Chp 2: Strategic Financial Policy Decisions Flashcards
What are the three decisions associated with maximising shareholder wealth?
- Investment Decision - identifying and evaluating invesment opportunities
- Financing Decision - how much debt a company should have and aim to minimise the cost of capital.
- Dividend Decision - how much surplus cash to pay out to shareholders.
What are the three additional risks associated with international investment decisions?
- Political Risk - adverse effect from government action or changing political relationships
- Translation Risk - overseas assets reducing in value due to changing currency values
- Economic Risk - company’s economic vlaue falling due to a drop in competitive strength caused by exchange rate movements
What are the three types of financing options for international investments?
- Loan from a local bank - reduces an entities net assets in a foreign currency and reduces net foreign currency inflows.
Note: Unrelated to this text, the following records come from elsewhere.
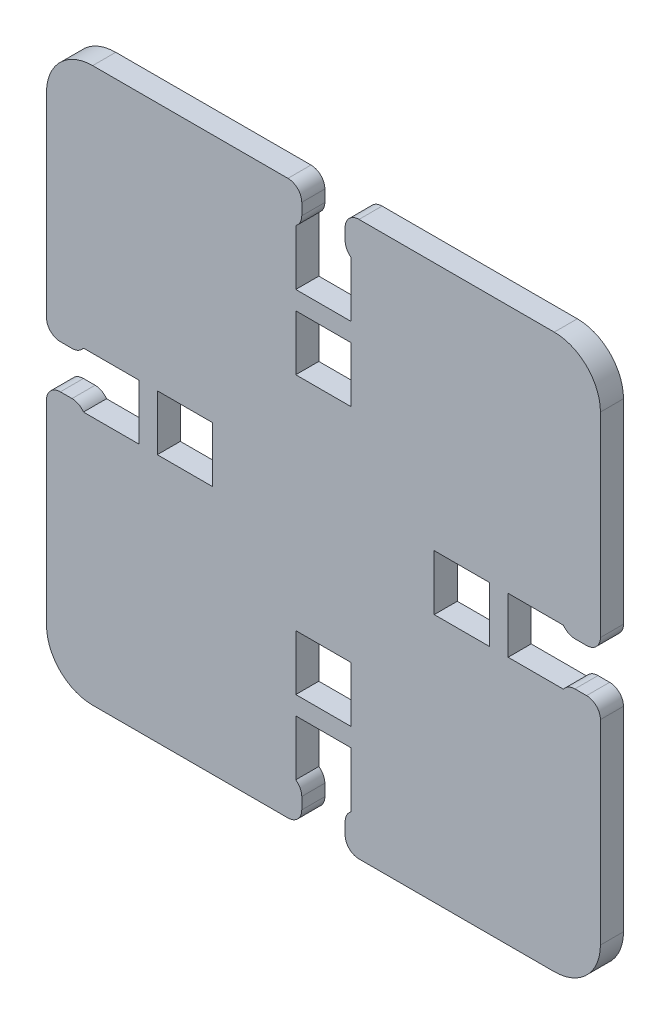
ISO-10303-21;
HEADER;
FILE_DESCRIPTION(('STEP AP214'),'2;1');
FILE_NAME('part.step','',(''),(''),'','','');
FILE_SCHEMA(('AUTOMOTIVE_DESIGN { 1 0 10303 214 1 1 1 1 }'));
ENDSEC;
DATA;
#1=APPLICATION_CONTEXT('core data for automotive mechanical design processes');
#2=APPLICATION_PROTOCOL_DEFINITION('international standard','automotive_design',2000,#1);
#3=PRODUCT_CONTEXT('',#1,'mechanical');
#4=PRODUCT('Part','Part','',(#3));
#5=PRODUCT_RELATED_PRODUCT_CATEGORY('part','',(#4));
#6=PRODUCT_DEFINITION_FORMATION('','',#4);
#7=PRODUCT_DEFINITION_CONTEXT('part definition',#1,'design');
#8=PRODUCT_DEFINITION('design','',#6,#7);
#9=PRODUCT_DEFINITION_SHAPE('','',#8);
#10=(LENGTH_UNIT() NAMED_UNIT(*) SI_UNIT(.MILLI.,.METRE.));
#11=(NAMED_UNIT(*) PLANE_ANGLE_UNIT() SI_UNIT($,.RADIAN.));
#12=(NAMED_UNIT(*) SI_UNIT($,.STERADIAN.) SOLID_ANGLE_UNIT());
#13=UNCERTAINTY_MEASURE_WITH_UNIT(LENGTH_MEASURE(1.E-05),#10,'distance_accuracy_value','');
#14=(GEOMETRIC_REPRESENTATION_CONTEXT(3) GLOBAL_UNCERTAINTY_ASSIGNED_CONTEXT((#13)) GLOBAL_UNIT_ASSIGNED_CONTEXT((#10,
#11,#12)) REPRESENTATION_CONTEXT('',''));
#15=CARTESIAN_POINT('',(0.,0.,0.));
#16=DIRECTION('',(0.,0.,1.));
#17=DIRECTION('',(1.,0.,0.));
#18=AXIS2_PLACEMENT_3D('',#15,#16,#17);
#19=CARTESIAN_POINT('',(0.,0.,2.5));
#20=DIRECTION('',(0.,0.,1.));
#21=DIRECTION('',(1.,0.,0.));
#22=AXIS2_PLACEMENT_3D('',#19,#20,#21);
#23=PLANE('',#22);
#24=DIRECTION('',(-1.,0.,0.));
#25=VECTOR('',#24,1.);
#26=CARTESIAN_POINT('',(-29.9999999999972,30.,2.5));
#27=LINE('',#26,#25);
#28=CARTESIAN_POINT('',(-3.85,30.,2.5));
#29=VERTEX_POINT('',#28);
#30=CARTESIAN_POINT('',(-24.999999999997,30.,2.5));
#31=VERTEX_POINT('',#30);
#32=EDGE_CURVE('E602',#29,#31,#27,.T.);
#33=ORIENTED_EDGE('',*,*,#32,.T.);
#34=CARTESIAN_POINT('',(-24.999999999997,25.,2.5));
#35=DIRECTION('',(0.,0.,1.));
#36=DIRECTION('',(1.,0.,0.));
#37=AXIS2_PLACEMENT_3D('',#34,#35,#36);
#38=CIRCLE('',#37,5.);
#39=CARTESIAN_POINT('',(-29.999999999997,24.9999999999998,2.5));
#40=VERTEX_POINT('',#39);
#41=EDGE_CURVE('E906',#31,#40,#38,.T.);
#42=ORIENTED_EDGE('',*,*,#41,.T.);
#43=DIRECTION('',(0.,-1.,0.));
#44=VECTOR('',#43,1.);
#45=CARTESIAN_POINT('',(-29.9999999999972,30.,2.5));
#46=LINE('',#45,#44);
#47=CARTESIAN_POINT('',(-29.9999999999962,3.84999999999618,2.5));
#48=VERTEX_POINT('',#47);
#49=EDGE_CURVE('E605',#40,#48,#46,.T.);
#50=ORIENTED_EDGE('',*,*,#49,.T.);
#51=CARTESIAN_POINT('',(-28.4999999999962,3.84999999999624,2.5));
#52=DIRECTION('',(0.,0.,1.));
#53=DIRECTION('',(1.,0.,0.));
#54=AXIS2_PLACEMENT_3D('',#51,#52,#53);
#55=CIRCLE('',#54,1.5);
#56=CARTESIAN_POINT('',(-28.4999999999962,2.34999999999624,2.5));
#57=VERTEX_POINT('',#56);
#58=EDGE_CURVE('E821',#48,#57,#55,.T.);
#59=ORIENTED_EDGE('',*,*,#58,.T.);
#60=DIRECTION('',(1.,0.,0.));
#61=VECTOR('',#60,1.);
#62=CARTESIAN_POINT('',(-29.9999999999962,2.34999999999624,2.5));
#63=LINE('',#62,#61);
#64=CARTESIAN_POINT('',(-27.2359207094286,2.34999999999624,2.5));
#65=VERTEX_POINT('',#64);
#66=EDGE_CURVE('E607',#57,#65,#63,.T.);
#67=ORIENTED_EDGE('',*,*,#66,.T.);
#68=CARTESIAN_POINT('',(-27.2359207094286,3.84999999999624,2.5));
#69=DIRECTION('',(0.,0.,1.));
#70=DIRECTION('',(1.,0.,0.));
#71=AXIS2_PLACEMENT_3D('',#68,#69,#70);
#72=CIRCLE('',#71,1.5);
#73=CARTESIAN_POINT('',(-25.9999999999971,2.99999999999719,2.5));
#74=VERTEX_POINT('',#73);
#75=EDGE_CURVE('E827',#65,#74,#72,.T.);
#76=ORIENTED_EDGE('',*,*,#75,.T.);
#77=DIRECTION('',(1.,0.,0.));
#78=VECTOR('',#77,1.);
#79=CARTESIAN_POINT('',(-25.9999999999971,2.99999999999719,2.5));
#80=LINE('',#79,#78);
#81=CARTESIAN_POINT('',(-19.9999999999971,2.99999999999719,2.5));
#82=VERTEX_POINT('',#81);
#83=EDGE_CURVE('E610',#74,#82,#80,.T.);
#84=ORIENTED_EDGE('',*,*,#83,.T.);
#85=DIRECTION('',(3.33645148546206E-13,-1.,0.));
#86=VECTOR('',#85,1.);
#87=CARTESIAN_POINT('',(-19.9999999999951,-3.00000000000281,2.5));
#88=LINE('',#87,#86);
#89=CARTESIAN_POINT('',(-19.9999999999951,-3.00000000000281,2.5));
#90=VERTEX_POINT('',#89);
#91=EDGE_CURVE('E612',#82,#90,#88,.T.);
#92=ORIENTED_EDGE('',*,*,#91,.T.);
#93=DIRECTION('',(-1.,0.,0.));
#94=VECTOR('',#93,1.);
#95=CARTESIAN_POINT('',(-25.9999999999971,-3.00000000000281,2.5));
#96=LINE('',#95,#94);
#97=CARTESIAN_POINT('',(-25.9999999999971,-3.00000000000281,2.5));
#98=VERTEX_POINT('',#97);
#99=EDGE_CURVE('E614',#90,#98,#96,.T.);
#100=ORIENTED_EDGE('',*,*,#99,.T.);
#101=CARTESIAN_POINT('',(-27.2359207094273,-3.85000000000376,2.5));
#102=DIRECTION('',(0.,0.,1.));
#103=DIRECTION('',(1.,0.,0.));
#104=AXIS2_PLACEMENT_3D('',#101,#102,#103);
#105=CIRCLE('',#104,1.5);
#106=CARTESIAN_POINT('',(-27.2359207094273,-2.35000000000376,2.5));
#107=VERTEX_POINT('',#106);
#108=EDGE_CURVE('E825',#98,#107,#105,.T.);
#109=ORIENTED_EDGE('',*,*,#108,.T.);
#110=DIRECTION('',(-1.,0.,0.));
#111=VECTOR('',#110,1.);
#112=CARTESIAN_POINT('',(-29.9999999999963,-2.35000000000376,2.5));
#113=LINE('',#112,#111);
#114=CARTESIAN_POINT('',(-28.4999999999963,-2.35000000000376,2.5));
#115=VERTEX_POINT('',#114);
#116=EDGE_CURVE('E616',#107,#115,#113,.T.);
#117=ORIENTED_EDGE('',*,*,#116,.T.);
#118=CARTESIAN_POINT('',(-28.4999999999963,-3.85000000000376,2.5));
#119=DIRECTION('',(0.,0.,1.));
#120=DIRECTION('',(1.,0.,0.));
#121=AXIS2_PLACEMENT_3D('',#118,#119,#120);
#122=CIRCLE('',#121,1.5);
#123=CARTESIAN_POINT('',(-29.9999999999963,-3.85000000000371,2.5));
#124=VERTEX_POINT('',#123);
#125=EDGE_CURVE('E823',#115,#124,#122,.T.);
#126=ORIENTED_EDGE('',*,*,#125,.T.);
#127=DIRECTION('',(0.,-1.,0.));
#128=VECTOR('',#127,1.);
#129=CARTESIAN_POINT('',(-29.9999999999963,-2.35000000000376,2.5));
#130=LINE('',#129,#128);
#131=CARTESIAN_POINT('',(-29.999999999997,-24.9999999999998,2.5));
#132=VERTEX_POINT('',#131);
#133=EDGE_CURVE('E619',#124,#132,#130,.T.);
#134=ORIENTED_EDGE('',*,*,#133,.T.);
#135=CARTESIAN_POINT('',(-24.999999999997,-25.,2.5));
#136=DIRECTION('',(0.,0.,1.));
#137=DIRECTION('',(1.,0.,0.));
#138=AXIS2_PLACEMENT_3D('',#135,#136,#137);
#139=CIRCLE('',#138,5.);
#140=CARTESIAN_POINT('',(-24.999999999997,-30.,2.5));
#141=VERTEX_POINT('',#140);
#142=EDGE_CURVE('E904',#132,#141,#139,.T.);
#143=ORIENTED_EDGE('',*,*,#142,.T.);
#144=DIRECTION('',(1.,0.,0.));
#145=VECTOR('',#144,1.);
#146=CARTESIAN_POINT('',(-29.9999999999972,-30.,2.5));
#147=LINE('',#146,#145);
#148=CARTESIAN_POINT('',(-3.84999999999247,-29.9999999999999,2.5));
#149=VERTEX_POINT('',#148);
#150=EDGE_CURVE('E622',#141,#149,#147,.T.);
#151=ORIENTED_EDGE('',*,*,#150,.T.);
#152=CARTESIAN_POINT('',(-3.84999999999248,-28.4999999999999,2.5));
#153=DIRECTION('',(0.,0.,1.));
#154=DIRECTION('',(1.,0.,0.));
#155=AXIS2_PLACEMENT_3D('',#152,#153,#154);
#156=CIRCLE('',#155,1.5);
#157=CARTESIAN_POINT('',(-2.34999999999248,-28.4999999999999,2.5));
#158=VERTEX_POINT('',#157);
#159=EDGE_CURVE('E815',#149,#158,#156,.T.);
#160=ORIENTED_EDGE('',*,*,#159,.T.);
#161=DIRECTION('',(0.,1.,0.));
#162=VECTOR('',#161,1.);
#163=CARTESIAN_POINT('',(-2.34999999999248,-29.9999999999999,2.5));
#164=LINE('',#163,#162);
#165=CARTESIAN_POINT('',(-2.34999999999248,-27.235920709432,2.5));
#166=VERTEX_POINT('',#165);
#167=EDGE_CURVE('E624',#158,#166,#164,.T.);
#168=ORIENTED_EDGE('',*,*,#167,.T.);
#169=CARTESIAN_POINT('',(-3.84999999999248,-27.235920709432,2.5));
#170=DIRECTION('',(0.,0.,1.));
#171=DIRECTION('',(1.,0.,0.));
#172=AXIS2_PLACEMENT_3D('',#169,#170,#171);
#173=CIRCLE('',#172,1.5);
#174=CARTESIAN_POINT('',(-2.99999999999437,-25.9999999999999,2.5));
#175=VERTEX_POINT('',#174);
#176=EDGE_CURVE('E817',#166,#175,#173,.T.);
#177=ORIENTED_EDGE('',*,*,#176,.T.);
#178=DIRECTION('',(0.,1.,0.));
#179=VECTOR('',#178,1.);
#180=CARTESIAN_POINT('',(-2.99999999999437,-25.9999999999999,2.5));
#181=LINE('',#180,#179);
#182=CARTESIAN_POINT('',(-2.99999999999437,-19.9999999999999,2.5));
#183=VERTEX_POINT('',#182);
#184=EDGE_CURVE('E627',#175,#183,#181,.T.);
#185=ORIENTED_EDGE('',*,*,#184,.T.);
#186=DIRECTION('',(1.,3.33066907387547E-13,0.));
#187=VECTOR('',#186,1.);
#188=CARTESIAN_POINT('',(3.00000000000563,-19.9999999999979,2.5));
#189=LINE('',#188,#187);
#190=CARTESIAN_POINT('',(3.00000000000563,-19.9999999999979,2.5));
#191=VERTEX_POINT('',#190);
#192=EDGE_CURVE('E629',#183,#191,#189,.T.);
#193=ORIENTED_EDGE('',*,*,#192,.T.);
#194=DIRECTION('',(0.,-1.,0.));
#195=VECTOR('',#194,1.);
#196=CARTESIAN_POINT('',(3.00000000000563,-25.9999999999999,2.5));
#197=LINE('',#196,#195);
#198=CARTESIAN_POINT('',(3.00000000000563,-25.9999999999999,2.5));
#199=VERTEX_POINT('',#198);
#200=EDGE_CURVE('E631',#191,#199,#197,.T.);
#201=ORIENTED_EDGE('',*,*,#200,.T.);
#202=CARTESIAN_POINT('',(3.85000000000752,-27.2359207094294,2.5));
#203=DIRECTION('',(0.,0.,1.));
#204=DIRECTION('',(1.,0.,0.));
#205=AXIS2_PLACEMENT_3D('',#202,#203,#204);
#206=CIRCLE('',#205,1.5);
#207=CARTESIAN_POINT('',(2.35000000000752,-27.2359207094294,2.5));
#208=VERTEX_POINT('',#207);
#209=EDGE_CURVE('E819',#199,#208,#206,.T.);
#210=ORIENTED_EDGE('',*,*,#209,.T.);
#211=DIRECTION('',(0.,-1.,0.));
#212=VECTOR('',#211,1.);
#213=CARTESIAN_POINT('',(2.35000000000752,-30.,2.5));
#214=LINE('',#213,#212);
#215=CARTESIAN_POINT('',(2.35000000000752,-28.5,2.5));
#216=VERTEX_POINT('',#215);
#217=EDGE_CURVE('E633',#208,#216,#214,.T.);
#218=ORIENTED_EDGE('',*,*,#217,.T.);
#219=CARTESIAN_POINT('',(3.85000000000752,-28.5,2.5));
#220=DIRECTION('',(0.,0.,1.));
#221=DIRECTION('',(1.,0.,0.));
#222=AXIS2_PLACEMENT_3D('',#219,#220,#221);
#223=CIRCLE('',#222,1.5);
#224=CARTESIAN_POINT('',(3.85000000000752,-30.,2.5));
#225=VERTEX_POINT('',#224);
#226=EDGE_CURVE('E813',#216,#225,#223,.T.);
#227=ORIENTED_EDGE('',*,*,#226,.T.);
#228=DIRECTION('',(1.,0.,0.));
#229=VECTOR('',#228,1.);
#230=CARTESIAN_POINT('',(2.35000000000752,-30.,2.5));
#231=LINE('',#230,#229);
#232=CARTESIAN_POINT('',(25.000000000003,-30.,2.5));
#233=VERTEX_POINT('',#232);
#234=EDGE_CURVE('E636',#225,#233,#231,.T.);
#235=ORIENTED_EDGE('',*,*,#234,.T.);
#236=CARTESIAN_POINT('',(25.000000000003,-25.,2.5));
#237=DIRECTION('',(0.,0.,1.));
#238=DIRECTION('',(1.,0.,0.));
#239=AXIS2_PLACEMENT_3D('',#236,#237,#238);
#240=CIRCLE('',#239,5.);
#241=CARTESIAN_POINT('',(30.000000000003,-25.0000000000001,2.5));
#242=VERTEX_POINT('',#241);
#243=EDGE_CURVE('E902',#233,#242,#240,.T.);
#244=ORIENTED_EDGE('',*,*,#243,.T.);
#245=DIRECTION('',(0.,1.,0.));
#246=VECTOR('',#245,1.);
#247=CARTESIAN_POINT('',(30.0000000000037,-2.34999999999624,2.5));
#248=LINE('',#247,#246);
#249=CARTESIAN_POINT('',(30.0000000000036,-3.84999999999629,2.5));
#250=VERTEX_POINT('',#249);
#251=EDGE_CURVE('E571',#242,#250,#248,.T.);
#252=ORIENTED_EDGE('',*,*,#251,.T.);
#253=CARTESIAN_POINT('',(28.5000000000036,-3.84999999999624,2.5));
#254=DIRECTION('',(0.,0.,1.));
#255=DIRECTION('',(1.,0.,0.));
#256=AXIS2_PLACEMENT_3D('',#253,#254,#255);
#257=CIRCLE('',#256,1.5);
#258=CARTESIAN_POINT('',(28.5000000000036,-2.34999999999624,2.5));
#259=VERTEX_POINT('',#258);
#260=EDGE_CURVE('E809',#250,#259,#257,.T.);
#261=ORIENTED_EDGE('',*,*,#260,.T.);
#262=DIRECTION('',(-1.,0.,0.));
#263=VECTOR('',#262,1.);
#264=CARTESIAN_POINT('',(30.0000000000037,-2.34999999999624,2.5));
#265=LINE('',#264,#263);
#266=CARTESIAN_POINT('',(27.2359207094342,-2.34999999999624,2.5));
#267=VERTEX_POINT('',#266);
#268=EDGE_CURVE('E573',#259,#267,#265,.T.);
#269=ORIENTED_EDGE('',*,*,#268,.T.);
#270=CARTESIAN_POINT('',(27.2359207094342,-3.84999999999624,2.5));
#271=DIRECTION('',(0.,0.,1.));
#272=DIRECTION('',(1.,0.,0.));
#273=AXIS2_PLACEMENT_3D('',#270,#271,#272);
#274=CIRCLE('',#273,1.5);
#275=CARTESIAN_POINT('',(26.0000000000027,-2.99999999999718,2.5));
#276=VERTEX_POINT('',#275);
#277=EDGE_CURVE('E811',#267,#276,#274,.T.);
#278=ORIENTED_EDGE('',*,*,#277,.T.);
#279=DIRECTION('',(-1.,0.,0.));
#280=VECTOR('',#279,1.);
#281=CARTESIAN_POINT('',(26.0000000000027,-2.99999999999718,2.5));
#282=LINE('',#281,#280);
#283=CARTESIAN_POINT('',(20.0000000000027,-2.99999999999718,2.5));
#284=VERTEX_POINT('',#283);
#285=EDGE_CURVE('E577',#276,#284,#282,.T.);
#286=ORIENTED_EDGE('',*,*,#285,.T.);
#287=DIRECTION('',(-3.33645148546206E-13,1.,0.));
#288=VECTOR('',#287,1.);
#289=CARTESIAN_POINT('',(20.0000000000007,3.00000000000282,2.5));
#290=LINE('',#289,#288);
#291=CARTESIAN_POINT('',(20.0000000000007,3.00000000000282,2.5));
#292=VERTEX_POINT('',#291);
#293=EDGE_CURVE('E579',#284,#292,#290,.T.);
#294=ORIENTED_EDGE('',*,*,#293,.T.);
#295=DIRECTION('',(1.,0.,0.));
#296=VECTOR('',#295,1.);
#297=CARTESIAN_POINT('',(26.0000000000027,3.00000000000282,2.5));
#298=LINE('',#297,#296);
#299=CARTESIAN_POINT('',(26.0000000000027,3.00000000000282,2.5));
#300=VERTEX_POINT('',#299);
#301=EDGE_CURVE('E581',#292,#300,#298,.T.);
#302=ORIENTED_EDGE('',*,*,#301,.T.);
#303=CARTESIAN_POINT('',(27.2359207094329,3.85000000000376,2.5));
#304=DIRECTION('',(0.,0.,1.));
#305=DIRECTION('',(1.,0.,0.));
#306=AXIS2_PLACEMENT_3D('',#303,#304,#305);
#307=CIRCLE('',#306,1.5);
#308=CARTESIAN_POINT('',(27.2359207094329,2.35000000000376,2.5));
#309=VERTEX_POINT('',#308);
#310=EDGE_CURVE('E805',#300,#309,#307,.T.);
#311=ORIENTED_EDGE('',*,*,#310,.T.);
#312=DIRECTION('',(1.,0.,0.));
#313=VECTOR('',#312,1.);
#314=CARTESIAN_POINT('',(30.0000000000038,2.35000000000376,2.5));
#315=LINE('',#314,#313);
#316=CARTESIAN_POINT('',(28.5000000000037,2.35000000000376,2.5));
#317=VERTEX_POINT('',#316);
#318=EDGE_CURVE('E583',#309,#317,#315,.T.);
#319=ORIENTED_EDGE('',*,*,#318,.T.);
#320=CARTESIAN_POINT('',(28.5000000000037,3.85000000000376,2.5));
#321=DIRECTION('',(0.,0.,1.));
#322=DIRECTION('',(1.,0.,0.));
#323=AXIS2_PLACEMENT_3D('',#320,#321,#322);
#324=CIRCLE('',#323,1.5);
#325=CARTESIAN_POINT('',(30.0000000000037,3.85000000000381,2.5));
#326=VERTEX_POINT('',#325);
#327=EDGE_CURVE('E807',#317,#326,#324,.T.);
#328=ORIENTED_EDGE('',*,*,#327,.T.);
#329=DIRECTION('',(0.,1.,0.));
#330=VECTOR('',#329,1.);
#331=CARTESIAN_POINT('',(30.0000000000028,30.,2.5));
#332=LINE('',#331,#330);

- Overseas Government Loan - may be offered at a cheaper rate to encourage foreign investment.
- Currency Swap - underwritten by a merchant bank. Involves borrowing in home currency and then swapping with a foreign company.
What is the interrelationship between the three decisions for a high growth company?
- Investment Decision - high levels of capital investment
- Financing Decision - low levels of debt finance
- Dividend Decision - low or zero dividend
What is the interrelationship between the three decisions for a mature company?
- Investment Decision - moderate to low levels of capital investment.
- Financing Decision - high levels of debt finance.
- Dividend Decision - high dividend payouts
Return on Capital Employed
Ratio / formula
(PBIT) /
(Capital Employed)
Capital Employed = Shareholders funds’ + Long-term debt finance
Current Ratio
Current Assets /
Current Liabilities
Dividend Yield
Formula
((Dividend per share) /
(Market Price per share)) * 100
Price/Earnings Ratio (P/E Ratio)
Formula
(Market price per share) /
(EPS)
EPS = Earnings per share
What are the four areas that lenders use to assess an entiites credit worthiness?
- Business Plan - PARTS
- Financial Ratios - Gearing etc.
- Cash Flow Forecasts
- Credit Agencies - lower interest rates given to higher rated companies
How is the Business Plan used to assess credit worthiness?
PARTS
- Purpose - lender assesses if the project is risky
- Amount - relative to the financial resources of the company
- Repayment - at the end of the loan or in installments
- Time Period - longer loans are considered more risky
- Security - securing asets against the loan makes the loan appear less risky
How do regulatory requirements affect financial strategic policy?
- Price Control - regulator agrees the output price with the industry
- Profit Control - regulator agrees the maximum profit the industry can make
- The regulator will also want to promote competition and address any quality and safety concerns
What is Thin Capitalisation?
A company with significantly more debt than equity, far above what they could acheive on their own is considered thinly capitalised.
This is ususally a subsidiary and can achieve excessive tax relief on interest payments.